Operational Highlights

FY26 operating metrics reflected the company's expansion efforts. Total operational beds increased to 1,248 from 1,061 in the previous year. The average occupancy rate was 61.2% (62.3% excluding the ramp-up Dombivli hospital). Patient volumes grew, with total volume reaching 1,076.4 thousand compared to 979.3 thousand in FY25. The Average Revenue Per Occupied Bed (ARPOB) improved to Rs 67,700 from Rs 60,600.

Expansion and Management

The company continues to expand its footprint, targeting a total bed capacity of 2,900. The Dombivli hospital, with a capacity of 500 beds, was operationalised on February 25, 2026, ahead of schedule. Other projects include the Pune II (500 beds), Mira-Bhayandar (300 beds), and BKC (400 beds) facilities. Dr. Ankit Thakker, JMD & CEO, noted that FY26 was a landmark year marked by the acquisition of land at BKC and the early commissioning of the Dombivli hospital.

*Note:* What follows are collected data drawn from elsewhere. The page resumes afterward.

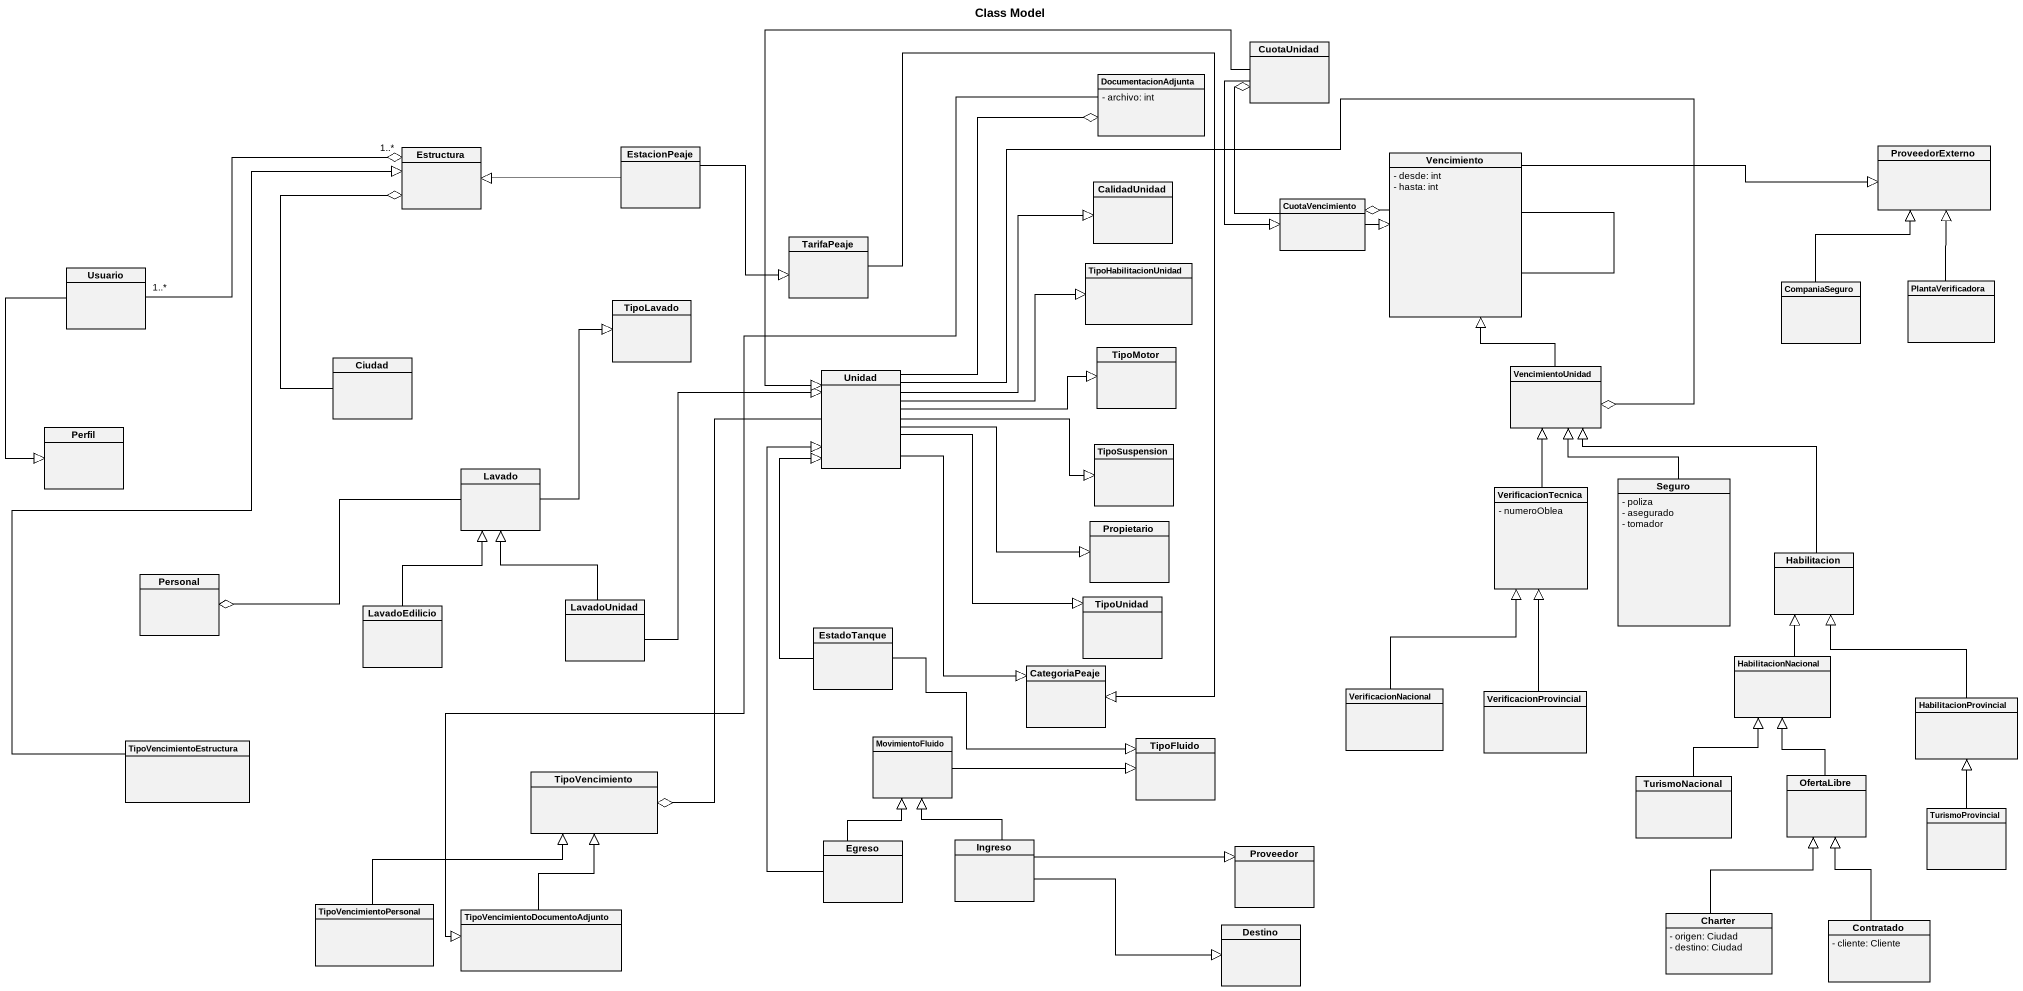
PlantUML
@startuml
title Class Model
hide circle
hide empty members
skinparam classAttributeIconSize 0
class CuotaUnidad
class DocumentacionAdjunta {
  - archivo: int
}
class Estructura
class EstacionPeaje
class ProveedorExterno
class CalidadUnidad
class Vencimiento {
  - desde: int
  - hasta: int
}
class CuotaVencimiento
class TarifaPeaje
class TipoHabilitacionUnidad
class Usuario
class TipoLavado
class CompaniaSeguro
class PlantaVerificadora
class Ciudad
class Unidad
class TipoMotor
class VencimientoUnidad
class Perfil
class TipoSuspension
class Lavado
class VerificacionTecnica {
  - numeroOblea
}
class Seguro {
  - poliza
  - asegurado
  - tomador
}
class Propietario
class Personal
class Habilitacion
class LavadoEdilicio
class LavadoUnidad
class TipoUnidad
class EstadoTanque
class HabilitacionNacional
class CategoriaPeaje
class VerificacionNacional
class VerificacionProvincial
class HabilitacionProvincial
class TipoVencimientoEstructura
class MovimientoFluido
class TipoFluido
class TipoVencimiento
class TurismoNacional
class OfertaLibre
class TurismoProvincial
class Egreso
class Ingreso
class Proveedor
class TipoVencimientoPersonal
class "TipoVencimientoDocumentoAdjunto" as TipoVencimientoDocumentoAdju
class Destino
class Charter {
  - origen: Ciudad
  - destino: Ciudad
}
class Contratado {
  - cliente: Cliente
}
CuotaUnidad --|> CuotaVencimiento
CuotaUnidad --|> Unidad
DocumentacionAdjunta --|> TipoVencimientoDocumentoAdju
EstacionPeaje -left-|> Estructura
EstacionPeaje -right-|> TarifaPeaje
Vencimiento -right-|> ProveedorExterno
Vencimiento -- Vencimiento
Vencimiento -left-o CuotaVencimiento
CuotaVencimiento -up-o CuotaUnidad
CuotaVencimiento -right-|> Vencimiento
TarifaPeaje --|> CategoriaPeaje
Usuario "1..*" -right-o "1..*" Estructura
Usuario --|> Perfil
CompaniaSeguro -up-|> ProveedorExterno
PlantaVerificadora -up-|> ProveedorExterno
Ciudad -up-o Estructura
Unidad -up-o DocumentacionAdjunta
Unidad -up-|> CalidadUnidad
Unidad -right-|> TipoHabilitacionUnidad
Unidad -right-|> TipoMotor
Unidad -right-o VencimientoUnidad
Unidad -right-|> TipoSuspension
Unidad -right-|> Propietario
Unidad --|> TipoUnidad
Unidad --|> CategoriaPeaje
Unidad --o TipoVencimiento
VencimientoUnidad -up-|> Vencimiento
Lavado -up-|> TipoLavado
Lavado -left-o Personal
VerificacionTecnica -up-|> VencimientoUnidad
Seguro -up-|> VencimientoUnidad
Habilitacion -up-|> VencimientoUnidad
LavadoEdilicio -up-|> Lavado
LavadoUnidad -up-|> Unidad
LavadoUnidad -up-|> Lavado
EstadoTanque -up-|> Unidad
EstadoTanque -right-|> TipoFluido
HabilitacionNacional -up-|> Habilitacion
VerificacionNacional -up-|> VerificacionTecnica
VerificacionProvincial -up-|> VerificacionTecnica
HabilitacionProvincial -up-|> Habilitacion
TipoVencimientoEstructura -up-|> Estructura
MovimientoFluido -right-|> TipoFluido
TurismoNacional -up-|> HabilitacionNacional
OfertaLibre -up-|> HabilitacionNacional
TurismoProvincial -up-|> HabilitacionProvincial
Egreso -up-|> Unidad
Egreso -up-|> MovimientoFluido
Ingreso -up-|> MovimientoFluido
Ingreso -right-|> Proveedor
Ingreso -right-|> Destino
TipoVencimientoPersonal -up-|> TipoVencimiento
TipoVencimientoDocumentoAdju -up-|> TipoVencimiento
Charter -up-|> OfertaLibre
Contratado -up-|> OfertaLibre
@enduml

How quickly could the Dombivli hospital reach breakeven occupancy levels, and what timeline is management targeting for it to turn EBITDA-positive given the current ~200 operational beds and ongoing ramp-up losses?

With non-current borrowings rising sharply to Rs 500.9 cr and significant capex planned for BKC, Pune II, and Mira-Bhayandar, how will Jupiter Life Line manage its debt-to-equity ratio and interest coverage as financing costs continue to pressure PAT margins?

Could the 1:5 share split, combined with the expansion pipeline targeting 2,900 beds, attract increased institutional and retail investor participation, and how might this influence the stock's liquidity and valuation multiples?